HOLOGRAPHY: Holograph captures femtosecond pulses

Researchers at the California Institute of Technology (Caltech; Pasadena, CA) have created a holographic system that captures ultrafast femtosecond-laser pulses as they interact with air, water, and other media.1 The technique captures 3-D laser-induced plasma formation and nonlinear index changes with a 150 fs time resolution and recovers amplitude and phase information, both with spatial resolution of 4 µm-exceptional results compared to streak cameras (which provide only 1-D information), previous pulsed holograms (which achieved only nanosecond temporal resolution), and fluorescence techniques (which cannot provide a time-resolved image).

Using laser pulses with 150 fs duration to probe changes in the material properties induced by a high-energy pump pulse, the technique uses a CCD camera to capture in-line holograms that are numerically reconstructed to produce 3-D images. Dramatic differences in femtosecond pulse propagation were observed depending on the nonlinear properties of the different media investigated, which included water, air, and carbon disulfide (CS₂). By reconstructing the light field at different axial positions, 3-D information was obtained. Additionally, a time sequence of four holograms was captured with a single laser shot. The phase information recovered from the holograms allowed the researchers to identify nonlinear index changes (both positive and negative) in the surrounding media.

Positive and negative index changes

Positive index changes were attributed to the Kerr nonlinearity, an effect in which the change in index of refraction of the media is proportional to the intensity of the laser pulse. This Kerr effect acts as a self-induced lens, causing the beam to focus. If the pulse intensity exceeds a computed amount, filaments can be produced that ionize the surrounding medium. Negative index changes are attributed to plasma generation.

In the experimental setup, an 800 nm Ti:sapphire laser is used to generate an ultrafast event and record it. The laser pulses have a 150 fs pulse duration and 2 mJ maximum energy. The approximately Gaussian pulse with 5 mm full-width half-maximum diameter is split into two, with a major portion of the energy going into the pump beam. A delay line synchronizes the arrival of the pump and probe pulses, and the pump pulse is focused with an achromatic lens optimized for the different media used in the experiment. The probe pulse propagates in a direction perpendicular to the pump pulse and captures the interaction of the pump with the surrounding media. A CCD camera captures an in-line hologram of the image that is focused by additional lenses and numerically reconstructed to retrieve the phase and amplitude changes induced in the probe as it traverses the material. The 150 fs pulse duration is the limit of the temporal resolution of the system, while the numerical aperture of the hologram limits the spatial resolution of the system to 4 µm.

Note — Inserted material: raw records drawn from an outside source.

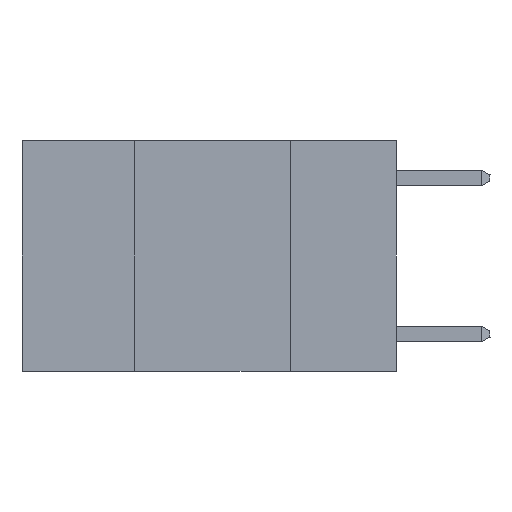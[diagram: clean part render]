
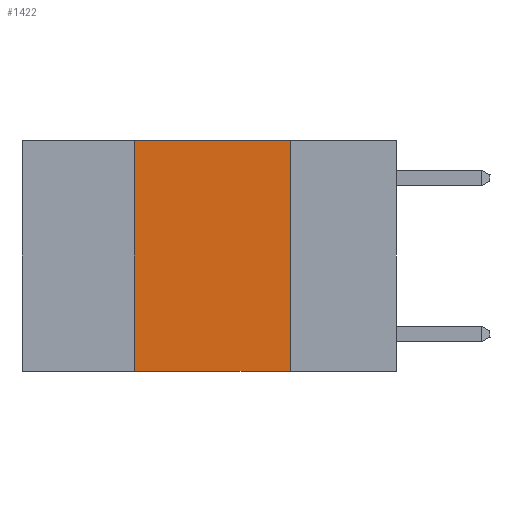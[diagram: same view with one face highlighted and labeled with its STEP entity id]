
A CAD part, left-side view. The second image highlights one B-rep face of the part: STEP entity #1422.
In plain terms, the highlighted planar face has unit normal (-1, 0, 0).
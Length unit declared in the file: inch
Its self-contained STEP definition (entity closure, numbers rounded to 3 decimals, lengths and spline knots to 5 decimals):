
#1206 = ORIENTED_EDGE ( 'NONE', *, *, #1946, .T. ) ;
#1422 = ADVANCED_FACE ( 'NONE', ( #10361 ), #8459, .F. ) ;
#1905 = VERTEX_POINT ( 'NONE', #18312 ) ;
#1946 = EDGE_CURVE ( 'NONE', #16971, #20346, #11940, .T. ) ;
#2407 = CARTESIAN_POINT ( 'NONE',  ( 0., 0.6, 0. ) ) ;
#3053 = ORIENTED_EDGE ( 'NONE', *, *, #9554, .F. ) ;
#3775 = CARTESIAN_POINT ( 'NONE',  ( 0., 0.6, -0.37 ) ) ;
#4316 = ORIENTED_EDGE ( 'NONE', *, *, #17169, .F. ) ;
#4338 = CARTESIAN_POINT ( 'NONE',  ( 0., 0.17, 0. ) ) ;
#5466 = CARTESIAN_POINT ( 'NONE',  ( 0., 0.6, 0. ) ) ;
#6382 = CARTESIAN_POINT ( 'NONE',  ( 0., 0.42, 0. ) ) ;
#7575 = VECTOR ( 'NONE', #16598, 39.37008 ) ;
#8459 = PLANE ( 'NONE',  #12133 ) ;
#8602 = VECTOR ( 'NONE', #12408, 39.37008 ) ;
#8672 = CARTESIAN_POINT ( 'NONE',  ( 0., 0.17, -0.37 ) ) ;
#8769 = DIRECTION ( 'NONE',  ( 1., 0., 0. ) ) ;
#9554 = EDGE_CURVE ( 'NONE', #16517, #20346, #20632, .T. ) ;
#9817 = LINE ( 'NONE', #6382, #16714 ) ;
#9924 = DIRECTION ( 'NONE',  ( 0., 0., 1. ) ) ;
#10110 = EDGE_CURVE ( 'NONE', #16971, #1905, #9817, .T. ) ;
#10361 = FACE_OUTER_BOUND ( 'NONE', #15793, .T. ) ;
#10634 = ORIENTED_EDGE ( 'NONE', *, *, #10110, .F. ) ;
#11849 = DIRECTION ( 'NONE',  ( 0., 0., -1. ) ) ;
#11868 = LINE ( 'NONE', #5466, #7575 ) ;
#11940 = LINE ( 'NONE', #3775, #16448 ) ;
#12133 = AXIS2_PLACEMENT_3D ( 'NONE', #2407, #8769, #11849 ) ;
#12408 = DIRECTION ( 'NONE',  ( 0., 0., -1. ) ) ;
#14838 = CARTESIAN_POINT ( 'NONE',  ( 0., 0.17, 0. ) ) ;
#15793 = EDGE_LOOP ( 'NONE', ( #3053, #4316, #10634, #1206 ) ) ;
#16448 = VECTOR ( 'NONE', #18058, 39.37008 ) ;
#16517 = VERTEX_POINT ( 'NONE', #14838 ) ;
#16598 = DIRECTION ( 'NONE',  ( 0., -1., 0. ) ) ;
#16714 = VECTOR ( 'NONE', #9924, 39.37008 ) ;
#16971 = VERTEX_POINT ( 'NONE', #19343 ) ;
#17169 = EDGE_CURVE ( 'NONE', #1905, #16517, #11868, .T. ) ;
#18058 = DIRECTION ( 'NONE',  ( 0., -1., 0. ) ) ;
#18312 = CARTESIAN_POINT ( 'NONE',  ( 0., 0.42, 0. ) ) ;
#19343 = CARTESIAN_POINT ( 'NONE',  ( 0., 0.42, -0.37 ) ) ;
#20346 = VERTEX_POINT ( 'NONE', #8672 ) ;
#20632 = LINE ( 'NONE', #4338, #8602 ) ;

Because of strong nonlinearities in the focal region for the system, it is difficult to perform spatial filtering on the amplified femtosecond pulses. To combat the presence of spatial noise, the researchers first record an image of the probe pulse only (the pump pulse is blocked) and use it as a background that can be subtracted. The final hologram is therefore a cleaner image showing only the modulation due to the presence of the pump beam.

A series of equations were used to perform object reconstruction using the holographic data. To make sure that the phase information was correct, the researchers performed an additional experiment that favorably compared their holographic technique to an interferometric technique. Additional equations were used to recover the nonlinear index changes in the vicinity of the pump pulse using the phase information in the hologram. Comparisons of pulse propagation in air, water, and CS₂ produced unique results (see figure). For example, the femtosecond pulse ionizes the air and water medium, but does not ionize the surrounding CS₂ medium.

“Holography was critical in this experiment because we wanted to capture at the femtosecond scale simultaneously the amplitude and phase image that resulted from the optical nonlinearity,” said researcher Demetri Psaltis. “This method could be applied to many problems in ultrafast optics to visualize and understand the interaction of the light pulse with the medium,” added Martin Centurion, another researcher.

REFERENCES:

1. M. Centurion, Y. Pu, and D. Psaltis, J. Applied Physics 100, 063104 (2006).